The CRO shared details of its collaboration with the institutional review board (IRB) and institutional biosafety committee (IBC) services firm this month, explaining that sponsors demand for faster clinical processes was the prompt for the accord.

“Sponsors expected approvals and turnaround times at warp speed without sacrificing safety, quality, and oversight so they could turn study data over to the Food and Drug Administration (FDA) as quickly as possible.

“The COVID-19 pandemic forced IQVIA to reimagine what was possible as it became clear traditional timelines would not be sufficient to move the new COVID vaccines through clinical trials and to the public at warp speed.”

Tech challenges

The fact mRNA vaccines are a relatively new technology was also a challenge because, under NIH guidelines on research involving recombinant or synthetic nucleic acid molecules, such vaccines much be reviewed by an independent biosafety committee (IBC).

These requirements prompted the Advarra partnership according to IQVIA, which wrote it “needed to work with an IRB and IBC partner who could accelerate review times so the COVID vaccine trial sites could progress through site selection, IRB/IBC submission, approval, drug shipment, and complete site initiation visits in record time.”

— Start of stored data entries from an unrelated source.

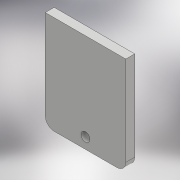
# Autodesk Inventor part: bolsillop2
Saved by Autodesk Inventor 2017 (Build 210142000, 142)
## iProperties
Created: 2018-06-14
Part Number: bolsillop2
Material: Generic
Document SubType Name: Modeling
Designer: Carolina Lema
Density: 1 g/cm^3
Appearance: Default
Author: Carolina Lema
Autodesk Inventor part; units mm, degrees
ref_plane "YZ Plane" through (0, 0, 0) normal (1, 0, 0) x (0, 1, 0)
ref_plane "XZ Plane" through (0, 0, 0) normal (0, 1, 0) x (-1, 0, 0)
ref_plane "XY Plane" through (0, 0, 0) normal (0, 0, 1) x (1, 0, 0)
sketch "Sketch1" plane through (0, 0, 0) normal (0, 1, 0) x (-1, 0, 0)
  line L0 (0, 0) -> (-18, 0)
  line L1 (-18, 0) -> (-18, -22)
  line L2 (-18, -22) -> (0, -22)
  line L3 (0, -22) -> (0, 0)
  line L4 (-1.5, -20.5) -> (2.5, -20.5) construction
  circle A0 centre (-9, -19.8358) radius 1.5
  line L5 (-1, -20.5) -> (-7.6551, -20.5)
  line L6 (-1, -20.5) -> (-1, -1.5)
  line L7 (-1, -1.5) -> (-1, -1)
  line L8 (-1, -1) -> (-17, -1)
  line L9 (-17, -1) -> (-17, -20.5)
  line L10 (-1, -1) -> (-17, -1)
  line L11 (-17, -1) -> (-17, -20.5)
  line L12 (-1, -20.5) -> (-1, -1)
  line L13 (-10.3449, -20.5) -> (-17, -20.5)
  point P0 (0, 0)
  point P1 (-15.5, -20.5)
  dimension "d0" = 18
  dimension "d1" = 22
  dimension "d2" = 3
  dimension "d3" = 0.5
  dimension "d4" = 16
  constraints: 28 end point, 4 horizontal, 4 parallel, 4 point on line, 3 perpendicular, 2 point on circle, 1 centre point, 1 vertical
  measures "d0" distance of L3.start L1.end
  measures "d1" distance of L1.end L1.start
  measures "d2" diameter of A0
  measures "d3" distance of L6.end L12.end
  measures "d4" distance of L12.end L9.start
extrude "Extrusion1" add sketch "Sketch1" along normal blind 2 contours L3 L2 L1 L0 | A0 L13 L9 L8 L7 L6 L5
sketch "Sketch8" plane through (0, 2, 0) normal (0, 1, 0) x (1, 0, 0)
  circle A0 centre (9, 19.8358) radius 1.5 projected
  circle A1 centre (9, 19.8358) radius 1.5 projected
  line L0 (0, 0) -> (18, 0) projected
  line L1 (18, 0) -> (18, 22) projected
  line L2 (18, 22) -> (0, 22) projected
  line L3 (0, 22) -> (0, 0) projected
extrude "Extrusion5" add sketch "Sketch8" against normal blind 2 contours A0
sketch "Sketch9" plane through (0, 2, 0) normal (0, 1, 0) x (1, 0, 0)
  line L0 (0, 0) -> (18, 0) projected
  line L1 (18, 0) -> (18, 22) projected
  line L2 (18, 22) -> (0, 22) projected
  line L3 (0, 22) -> (0, 0) projected
  line L4 (18, 22) -> (18, 17.1361)
  line L5 (15, 16) -> (3, 16)
  line L6 (0, 17.1361) -> (0, 22)
  arc A0 (0, 19) -> (3, 16) centre (3, 19) ccw
  arc A1 (15, 16) -> (18, 19) centre (15, 19) ccw
  line L7 (15, 16) -> (3, 16)
  arc A2 (0, 19) -> (3, 16) centre (3, 19) ccw
  arc A3 (15, 16) -> (18, 19) centre (15, 19) ccw
  line L8 (15, 14.1361) -> (3, 14.1361)
  arc A4 (0, 17.1361) -> (3, 14.1361) centre (3, 17.1361) ccw
  arc A5 (15, 14.1361) -> (18, 17.1361) centre (15, 17.1361) ccw
  line L9 (15, 14.1361) -> (3, 14.1361)
  arc A6 (0, 17.1361) -> (3, 14.1361) centre (3, 17.1361) ccw
  arc A7 (15, 14.1361) -> (18, 17.1361) centre (15, 17.1361) ccw
  circle A8 centre (9, 19.568) radius 2
  dimension "d19" = 4
  constraints: 16 point on circle, 12 end point, 10 tangent, 9 centre point, 2 point on line, 1 parallel
  measures "d19" diameter of A8
extrude "Extrusion6" cut sketch "Sketch9" against normal blind 0.5 contours L3 A4 L8 A5 L1 L0 | L3 L2 L1 A1 L5 A0
sketch "Sketch11" plane through (0, 0, 0) normal (0, -1, 0) x (1, 0, 0)
  line L0 (1.5, -20.5) -> (16.5, -20.5)
  line L1 (16.5, -20.5) -> (16.5, -1.5)
  line L2 (18, -17.1361) -> (18, 0)
  line L3 (0, -22) -> (18, -22)
  line L4 (0, -22) -> (18, -22)
  line L5 (18, -22) -> (18, 0)
  line L6 (16.5, -1.5) -> (1.5, -1.5)
  line L7 (0, -19) -> (0, -22)
  line L8 (1.5, -1.5) -> (1.5, -20.5)
  line L9 (0, 0) -> (0, -22)
  line L10 (0, 0) -> (0, -17.1361)
  line L11 (0, 0) -> (0, -17.1361)
  line L12 (18, -22) -> (18, -19)
  line L13 (18, 0) -> (0, 0) projected
  line L14 (18, 0) -> (0, 0)
  line L15 (0, 0) -> (18, 0)
  line L16 (18, 0) -> (18, -22)
  line L17 (18, -22) -> (0, -22)
  line L18 (0, -22) -> (0, 0)
  line L19 (16.5, -1.5) -> (1.5, -1.5)
  line L20 (1.5, -1.5) -> (1.5, -20.5)
  line L21 (1.5, -20.5) -> (16.5, -20.5)
  line L22 (16.5, -20.5) -> (16.5, -1.5)
  constraints: 44 end point, 4 parallel, 3 horizontal, 2 perpendicular
extrude "Extrusion7" add sketch "Sketch11" against normal blind 2
sketch "Sketch12" plane through (0, 2, 0) normal (0, 1, 0) x (1, 0, 0)
  arc A0 (7.2304, 20.5) -> (10.7696, 20.5) centre (9, 19.568) ccw projected
  circle A1 centre (9, 19.568) radius 1
  point P0 (0, 0)
  dimension "d28" = 2
  constraints: 1 centre point, 1 coincident
  measures "d28" diameter of A1
extrude "Extrusion8" cut sketch "Sketch12" against normal blind 2
fillet "Fillet1" radius 2 2 edges at (0, 1, -22) (18, 1, -22)
body "Solid1"

Another challenge was the need to include clinical sites that had little experience trialing such projects according to IQVIA, which cited Advarra’s involvement as key to addressing this issue.

“Many sites were new to research using genetically engineered compounds, and needed education on the IBC process and product handling standard operating procedures (SOPs).

“The IRB and IBC partner also needed to work directly with the IQVIA site activation teams to coordinate all reviews, so first patient/first visit at each site could occur rapidly after the site initiation visit (SIV) was complete.”

Results

And partnering had the desired effect according to IQVIA, which said that average IBC approval timelines were reduced to under 2 working days.

Similarly IQVIA said that trials sites averaged 78% faster approval than non-COVID sites and activated sites to “ready to enroll” 71% faster than non-COVID sites, with patients enrolled the same day as site activation.